■ **PROVIDED INFORMATION**

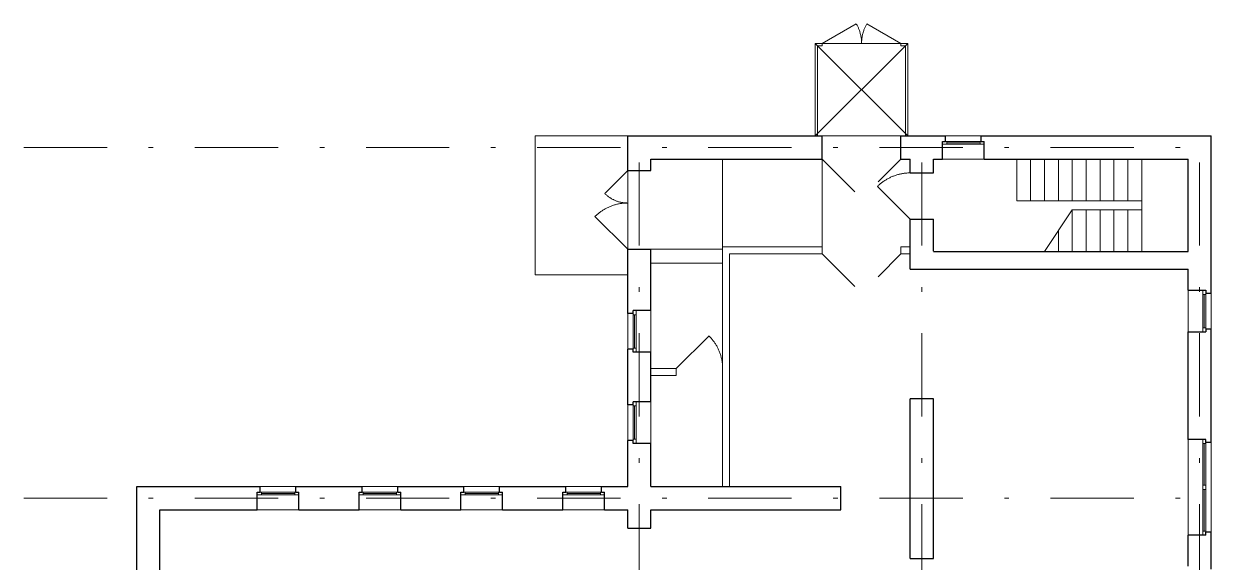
# Model space of a CAD drawing. Header units: metres. Extents: x 2.6 to 28.5, y 13.4 to 40.4.
# Drawn here: x 2.58 to 28.22, y 28.73 to 40.37 of the extents above; entities that cross this region are included whole.
import ezdxf

# ---------------------------------------------------------------- set-up
doc = ezdxf.new("R2010")
doc.units = ezdxf.units.M
doc.header["$MEASUREMENT"] = 0
doc.linetypes.add('DGN Style 4', pattern=[3.597503, 1.797628, -0.898814, 0.002247, -0.898814])

msp = doc.modelspace()

# ---------------------------------------------------------------- linework, layer by layer
at = {"color": 7, "linetype": 'Continuous', "lineweight": 13}
for p, q in [((19.819, 39.947), (20.555, 40.372)), ((21.519, 39.947), (20.783, 40.372)), ((19.669, 37.947), (19.669, 39.947)), ((19.669, 39.947), (19.819, 39.947)), ((19.719, 37.947), (19.719, 39.897)), ((19.719, 39.897), (19.819, 39.897)), ((19.819, 39.897), (19.819, 39.947)), ((21.519, 39.897), (21.519, 39.947)), ((21.519, 39.947), (21.669, 39.947)), ((21.519, 39.897), (21.619, 39.897)), ((21.619, 39.897), (21.619, 37.947)), ((21.669, 39.947), (21.669, 37.947)), ((22.419, 37.827), (22.509, 37.827)), ((22.419, 37.767), (22.419, 37.827)), ((22.509, 37.767), (22.419, 37.767)), ((22.509, 37.827), (22.509, 37.767)), ((23.319, 37.827), (23.229, 37.827)), ((23.229, 37.827), (23.229, 37.767)), ((23.229, 37.767), (23.319, 37.767)), ((23.319, 37.767), (23.319, 37.827)), ((19.819, 37.447), (20.526, 36.74)), ((21.519, 37.447), (21.024, 36.952)), ((24.019, 36.547), (24.019, 37.447)), ((26.719, 35.447), (26.719, 37.447)), ((15.619, 37.197), (15.124, 36.702)), ((21.012, 36.854), (21.719, 36.147)), ((24.019, 36.547), (26.719, 36.547)), ((15.619, 35.497), (14.912, 36.204)), ((25.219, 36.347), (26.719, 36.347)), ((17.669, 35.547), (19.819, 35.547)), ((17.669, 32.917), (17.669, 35.547)), ((17.819, 35.397), (19.819, 35.397)), ((17.819, 30.367), (17.819, 35.397)), ((19.819, 35.547), (19.819, 35.397)), ((19.819, 35.397), (20.526, 34.69)), ((21.519, 35.397), (21.024, 34.902)), ((21.519, 35.547), (21.519, 35.397)), ((21.519, 35.547), (21.719, 35.547)), ((21.519, 35.397), (21.719, 35.397)), ((28.039, 34.522), (28.039, 34.612)), ((28.039, 34.612), (28.099, 34.612)), ((28.099, 34.522), (28.039, 34.522)), ((28.099, 34.612), (28.099, 34.522)), ((15.739, 34.172), (15.739, 34.082)), ((15.799, 34.172), (15.739, 34.172)), ((15.799, 34.082), (15.799, 34.172)), ((15.739, 34.082), (15.799, 34.082)), ((16.669, 32.917), (17.376, 33.624)), ((28.099, 33.802), (28.039, 33.802)), ((28.039, 33.802), (28.039, 33.712)), ((28.039, 33.712), (28.099, 33.712)), ((28.099, 33.712), (28.099, 33.802)), ((15.739, 33.272), (15.739, 33.362)), ((15.739, 33.362), (15.799, 33.362)), ((15.799, 33.362), (15.799, 33.272)), ((15.799, 33.272), (15.739, 33.272)), ((16.119, 32.917), (16.669, 32.917)), ((16.669, 32.767), (16.669, 32.917)), ((17.669, 32.917), (17.669, 32.767)), ((16.119, 32.767), (16.669, 32.767)), ((17.669, 30.367), (17.669, 32.767)), ((15.739, 32.202), (15.739, 32.112)), ((15.799, 32.202), (15.739, 32.202)), ((15.739, 32.112), (15.799, 32.112)), ((15.799, 32.112), (15.799, 32.202)), ((15.739, 31.302), (15.739, 31.392)), ((15.739, 31.392), (15.799, 31.392)), ((15.799, 31.302), (15.739, 31.302)), ((15.799, 31.392), (15.799, 31.302)), ((28.039, 31.387), (28.039, 31.297)), ((28.099, 31.387), (28.039, 31.387)), ((28.039, 31.297), (28.099, 31.297)), ((28.099, 31.297), (28.099, 31.387)), ((28.039, 30.307), (28.039, 30.397)), ((28.039, 30.397), (28.099, 30.397)), ((28.099, 30.307), (28.039, 30.307)), ((28.099, 30.397), (28.099, 30.307)), ((7.619, 30.247), (7.709, 30.247)), ((7.619, 30.187), (7.619, 30.247)), ((7.709, 30.187), (7.619, 30.187)), ((7.709, 30.247), (7.709, 30.187)), ((8.519, 30.247), (8.429, 30.247)), ((8.429, 30.247), (8.429, 30.187)), ((8.429, 30.187), (8.519, 30.187)), ((8.519, 30.187), (8.519, 30.247)), ((9.819, 30.247), (9.909, 30.247)), ((9.819, 30.187), (9.819, 30.247)), ((9.909, 30.187), (9.819, 30.187)), ((9.909, 30.247), (9.909, 30.187)), ((10.719, 30.247), (10.629, 30.247)), ((10.629, 30.247), (10.629, 30.187)), ((10.629, 30.187), (10.719, 30.187)), ((10.719, 30.187), (10.719, 30.247)), ((12.019, 30.247), (12.109, 30.247)), ((12.019, 30.187), (12.019, 30.247)), ((12.109, 30.187), (12.019, 30.187)), ((12.109, 30.247), (12.109, 30.187)), ((12.919, 30.247), (12.829, 30.247)), ((12.829, 30.247), (12.829, 30.187)), ((12.829, 30.187), (12.919, 30.187)), ((12.919, 30.187), (12.919, 30.247)), ((14.219, 30.247), (14.309, 30.247)), ((14.219, 30.187), (14.219, 30.247)), ((14.309, 30.187), (14.219, 30.187)), ((14.309, 30.247), (14.309, 30.187)), ((15.119, 30.247), (15.029, 30.247)), ((15.029, 30.247), (15.029, 30.187)), ((15.029, 30.187), (15.119, 30.187)), ((15.119, 30.187), (15.119, 30.247)), ((28.039, 29.317), (28.039, 29.407)), ((28.039, 29.407), (28.099, 29.407)), ((28.099, 29.317), (28.039, 29.317)), ((28.099, 29.407), (28.099, 29.317))]:
    msp.add_line(p, q, dxfattribs=at)
at = {"color": 7, "linetype": 'Continuous', "lineweight": 0}
for p, q in [((20.563, 40.358), (20.555, 40.372)), ((20.571, 40.343), (20.563, 40.358)), ((20.579, 40.329), (20.571, 40.343)), ((20.586, 40.314), (20.579, 40.329)), ((20.593, 40.299), (20.586, 40.314)), ((20.6, 40.284), (20.593, 40.299)), ((20.606, 40.269), (20.6, 40.284)), ((20.612, 40.253), (20.606, 40.269)), ((20.732, 40.269), (20.726, 40.253)), ((20.739, 40.284), (20.732, 40.269)), ((20.745, 40.299), (20.739, 40.284)), ((20.752, 40.314), (20.745, 40.299)), ((20.76, 40.329), (20.752, 40.314)), ((20.767, 40.343), (20.76, 40.329)), ((20.775, 40.358), (20.767, 40.343)), ((20.783, 40.372), (20.775, 40.358)), ((20.618, 40.238), (20.612, 40.253)), ((20.623, 40.223), (20.618, 40.238)), ((20.629, 40.207), (20.623, 40.223)), ((20.634, 40.191), (20.629, 40.207)), ((20.638, 40.175), (20.634, 40.191)), ((20.642, 40.159), (20.638, 40.175)), ((20.646, 40.143), (20.642, 40.159)), ((20.65, 40.127), (20.646, 40.143)), ((20.653, 40.111), (20.65, 40.127)), ((20.656, 40.095), (20.653, 40.111)), ((20.659, 40.079), (20.656, 40.095)), ((20.661, 40.062), (20.659, 40.079)), ((20.664, 40.046), (20.661, 40.062)), ((20.665, 40.03), (20.664, 40.046)), ((20.667, 40.013), (20.665, 40.03)), ((20.668, 39.997), (20.667, 40.013)), ((20.672, 40.013), (20.671, 39.997)), ((20.673, 40.03), (20.672, 40.013)), ((20.675, 40.046), (20.673, 40.03)), ((20.677, 40.062), (20.675, 40.046)), ((20.679, 40.079), (20.677, 40.062)), ((20.682, 40.095), (20.679, 40.079)), ((20.685, 40.111), (20.682, 40.095)), ((20.689, 40.127), (20.685, 40.111)), ((20.692, 40.143), (20.689, 40.127)), ((20.696, 40.159), (20.692, 40.143)), ((20.7, 40.175), (20.696, 40.159)), ((20.705, 40.191), (20.7, 40.175)), ((20.71, 40.207), (20.705, 40.191)), ((20.715, 40.223), (20.71, 40.207)), ((20.721, 40.238), (20.715, 40.223)), ((20.726, 40.253), (20.721, 40.238)), ((19.669, 39.947), (21.669, 37.947)), ((19.669, 37.947), (21.669, 39.947)), ((19.669, 39.947), (21.669, 39.947)), ((19.669, 37.947), (19.669, 39.947)), ((20.669, 39.98), (20.668, 39.997)), ((20.67, 39.98), (20.669, 39.964)), ((20.669, 39.964), (20.669, 39.98)), ((20.669, 39.964), (20.669, 39.947)), ((20.669, 39.947), (20.669, 39.964)), ((20.671, 39.997), (20.67, 39.98)), ((21.669, 39.947), (21.669, 37.947)), ((13.619, 34.947), (13.619, 37.947)), ((13.619, 37.947), (15.619, 37.947)), ((15.619, 37.947), (15.619, 34.947)), ((21.669, 37.947), (19.669, 37.947)), ((19.819, 37.947), (21.519, 37.947)), ((22.484, 37.947), (23.254, 37.947)), ((22.509, 37.827), (23.229, 37.827)), ((22.509, 37.797), (23.229, 37.797)), ((23.229, 37.767), (22.509, 37.767)), ((17.669, 35.547), (17.669, 37.447)), ((19.819, 35.547), (19.819, 37.447)), ((22.419, 37.447), (23.319, 37.447)), ((24.319, 36.547), (24.319, 37.447)), ((24.619, 36.547), (24.619, 37.447)), ((24.919, 36.547), (24.919, 37.447)), ((25.219, 36.547), (25.219, 37.447)), ((25.519, 36.547), (25.519, 37.447)), ((25.819, 36.547), (25.819, 37.447)), ((26.119, 36.547), (26.119, 37.447)), ((26.419, 36.547), (26.419, 37.447)), ((15.619, 37.197), (15.619, 35.597)), ((21.094, 36.928), (21.08, 36.916)), ((21.108, 36.939), (21.094, 36.928)), ((21.123, 36.95), (21.108, 36.939)), ((21.137, 36.961), (21.123, 36.95)), ((21.152, 36.971), (21.137, 36.961)), ((21.168, 36.981), (21.152, 36.971)), ((21.183, 36.991), (21.168, 36.981)), ((21.198, 37.001), (21.183, 36.991)), ((21.214, 37.01), (21.198, 37.001)), ((21.23, 37.019), (21.214, 37.01)), ((21.246, 37.028), (21.23, 37.019)), ((21.262, 37.037), (21.246, 37.028)), ((21.278, 37.045), (21.262, 37.037)), ((21.295, 37.053), (21.278, 37.045)), ((21.311, 37.06), (21.295, 37.053)), ((21.328, 37.068), (21.311, 37.06)), ((21.345, 37.075), (21.328, 37.068)), ((21.362, 37.081), (21.345, 37.075)), ((21.379, 37.088), (21.362, 37.081)), ((21.396, 37.094), (21.379, 37.088)), ((21.414, 37.1), (21.396, 37.094)), ((21.431, 37.105), (21.414, 37.1)), ((21.449, 37.11), (21.431, 37.105)), ((21.466, 37.115), (21.449, 37.11)), ((21.484, 37.119), (21.466, 37.115)), ((21.502, 37.123), (21.484, 37.119)), ((21.52, 37.127), (21.502, 37.123)), ((21.538, 37.131), (21.52, 37.127)), ((21.556, 37.134), (21.538, 37.131)), ((21.574, 37.137), (21.556, 37.134)), ((21.592, 37.139), (21.574, 37.137)), ((21.61, 37.141), (21.592, 37.139)), ((21.628, 37.143), (21.61, 37.141)), ((21.646, 37.145), (21.628, 37.143)), ((21.665, 37.146), (21.646, 37.145)), ((21.683, 37.147), (21.665, 37.146)), ((21.701, 37.147), (21.683, 37.147)), ((21.719, 37.147), (21.701, 37.147)), ((15.124, 36.702), (15.135, 36.692)), ((15.135, 36.692), (15.146, 36.681)), ((15.146, 36.681), (15.158, 36.671)), ((15.158, 36.671), (15.169, 36.661)), ((21.025, 36.867), (21.012, 36.854)), ((21.038, 36.88), (21.025, 36.867)), ((21.052, 36.892), (21.038, 36.88)), ((21.066, 36.904), (21.052, 36.892)), ((21.08, 36.916), (21.066, 36.904)), ((15.169, 36.661), (15.181, 36.651)), ((15.181, 36.651), (15.193, 36.642)), ((15.193, 36.642), (15.205, 36.633)), ((15.211, 36.41), (15.195, 36.403)), ((15.205, 36.633), (15.218, 36.624)), ((15.228, 36.418), (15.211, 36.41)), ((15.218, 36.624), (15.23, 36.615)), ((15.245, 36.425), (15.228, 36.418)), ((15.23, 36.615), (15.243, 36.607)), ((15.243, 36.607), (15.256, 36.599)), ((15.262, 36.431), (15.245, 36.425)), ((15.256, 36.599), (15.269, 36.591)), ((15.279, 36.438), (15.262, 36.431)), ((15.269, 36.591), (15.283, 36.584)), ((15.296, 36.444), (15.279, 36.438)), ((15.283, 36.584), (15.296, 36.576)), ((15.296, 36.576), (15.31, 36.57)), ((15.314, 36.45), (15.296, 36.444)), ((15.31, 36.57), (15.323, 36.563)), ((15.331, 36.455), (15.314, 36.45)), ((15.323, 36.563), (15.337, 36.557)), ((15.349, 36.46), (15.331, 36.455)), ((15.337, 36.557), (15.351, 36.551)), ((15.366, 36.465), (15.349, 36.46)), ((15.351, 36.551), (15.366, 36.545)), ((15.366, 36.545), (15.38, 36.54)), ((15.384, 36.469), (15.366, 36.465)), ((15.38, 36.54), (15.394, 36.534)), ((15.402, 36.473), (15.384, 36.469)), ((15.394, 36.534), (15.409, 36.53)), ((15.42, 36.477), (15.402, 36.473)), ((15.409, 36.53), (15.423, 36.525)), ((15.438, 36.481), (15.42, 36.477)), ((15.423, 36.525), (15.438, 36.521)), ((15.438, 36.521), (15.453, 36.517)), ((15.456, 36.484), (15.438, 36.481)), ((15.453, 36.517), (15.468, 36.514)), ((15.474, 36.487), (15.456, 36.484)), ((15.468, 36.514), (15.483, 36.511)), ((15.492, 36.489), (15.474, 36.487)), ((15.483, 36.511), (15.498, 36.508)), ((15.51, 36.491), (15.492, 36.489)), ((15.498, 36.508), (15.513, 36.505)), ((15.528, 36.493), (15.51, 36.491)), ((15.513, 36.505), (15.528, 36.503)), ((15.528, 36.503), (15.543, 36.501)), ((15.546, 36.495), (15.528, 36.493)), ((15.543, 36.501), (15.558, 36.5)), ((15.565, 36.496), (15.546, 36.495)), ((15.558, 36.5), (15.573, 36.499)), ((15.583, 36.497), (15.565, 36.496)), ((15.573, 36.499), (15.589, 36.498)), ((15.601, 36.497), (15.583, 36.497)), ((15.589, 36.498), (15.604, 36.498)), ((15.619, 36.497), (15.601, 36.497)), ((15.604, 36.498), (15.619, 36.497)), ((14.925, 36.217), (14.912, 36.204)), ((14.938, 36.23), (14.925, 36.217)), ((14.952, 36.242), (14.938, 36.23)), ((14.966, 36.254), (14.952, 36.242)), ((14.98, 36.266), (14.966, 36.254)), ((14.994, 36.278), (14.98, 36.266)), ((15.008, 36.289), (14.994, 36.278)), ((15.023, 36.3), (15.008, 36.289)), ((15.037, 36.311), (15.023, 36.3)), ((15.052, 36.321), (15.037, 36.311)), ((15.068, 36.331), (15.052, 36.321)), ((15.083, 36.341), (15.068, 36.331)), ((15.098, 36.351), (15.083, 36.341)), ((15.114, 36.36), (15.098, 36.351)), ((15.13, 36.369), (15.114, 36.36)), ((15.146, 36.378), (15.13, 36.369)), ((15.162, 36.387), (15.146, 36.378)), ((15.178, 36.395), (15.162, 36.387)), ((15.195, 36.403), (15.178, 36.395)), ((24.619, 35.447), (25.219, 36.347)), ((25.219, 35.447), (25.219, 36.347)), ((25.519, 35.447), (25.519, 36.347)), ((25.819, 35.447), (25.819, 36.347)), ((26.119, 35.447), (26.119, 36.347)), ((26.419, 35.447), (26.419, 36.347)), ((24.919, 35.447), (24.919, 35.897)), ((16.119, 35.497), (17.669, 35.497)), ((16.119, 35.197), (17.669, 35.197)), ((15.619, 34.947), (13.619, 34.947)), ((27.719, 34.612), (27.719, 33.712)), ((28.039, 33.802), (28.039, 34.522)), ((28.069, 34.522), (28.069, 33.802)), ((28.099, 34.522), (28.099, 33.802)), ((28.219, 34.547), (28.219, 33.777)), ((15.619, 33.337), (15.619, 34.107)), ((16.119, 33.272), (16.119, 34.172)), ((15.739, 33.362), (15.739, 34.082)), ((15.769, 33.362), (15.769, 34.082)), ((15.799, 34.082), (15.799, 33.362)), ((17.389, 33.611), (17.376, 33.624)), ((17.402, 33.598), (17.389, 33.611)), ((17.414, 33.585), (17.402, 33.598)), ((17.426, 33.571), (17.414, 33.585)), ((17.438, 33.557), (17.426, 33.571)), ((17.449, 33.543), (17.438, 33.557)), ((17.461, 33.529), (17.449, 33.543)), ((17.472, 33.514), (17.461, 33.529)), ((17.483, 33.499), (17.472, 33.514)), ((17.493, 33.484), (17.483, 33.499)), ((17.503, 33.469), (17.493, 33.484)), ((17.513, 33.454), (17.503, 33.469)), ((17.523, 33.438), (17.513, 33.454)), ((17.532, 33.423), (17.523, 33.438)), ((17.541, 33.407), (17.532, 33.423)), ((17.55, 33.391), (17.541, 33.407)), ((17.559, 33.375), (17.55, 33.391)), ((17.567, 33.358), (17.559, 33.375)), ((17.575, 33.342), (17.567, 33.358)), ((17.582, 33.325), (17.575, 33.342)), ((17.59, 33.308), (17.582, 33.325)), ((17.597, 33.292), (17.59, 33.308)), ((17.603, 33.275), (17.597, 33.292)), ((17.61, 33.257), (17.603, 33.275)), ((17.616, 33.24), (17.61, 33.257)), ((17.621, 33.223), (17.616, 33.24)), ((17.627, 33.205), (17.621, 33.223)), ((17.632, 33.188), (17.627, 33.205)), ((17.637, 33.17), (17.632, 33.188)), ((17.641, 33.153), (17.637, 33.17)), ((17.645, 33.135), (17.641, 33.153)), ((17.649, 33.117), (17.645, 33.135)), ((17.653, 33.099), (17.649, 33.117)), ((17.656, 33.081), (17.653, 33.099)), ((17.659, 33.063), (17.656, 33.081)), ((17.661, 33.045), (17.659, 33.063)), ((17.663, 33.027), (17.661, 33.045)), ((17.665, 33.009), (17.663, 33.027)), ((17.667, 32.99), (17.665, 33.009)), ((17.668, 32.972), (17.667, 32.99)), ((17.669, 32.954), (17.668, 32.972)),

■ **PROBLEM STATEMENT**
Scan the material above for lines holding the string "Continuous" and copy those lines.

■ **EXERCISE OUTPUT**
at = {"color": 7, "linetype": 'Continuous', "lineweight": 13}
at = {"color": 7, "linetype": 'Continuous', "lineweight": 0}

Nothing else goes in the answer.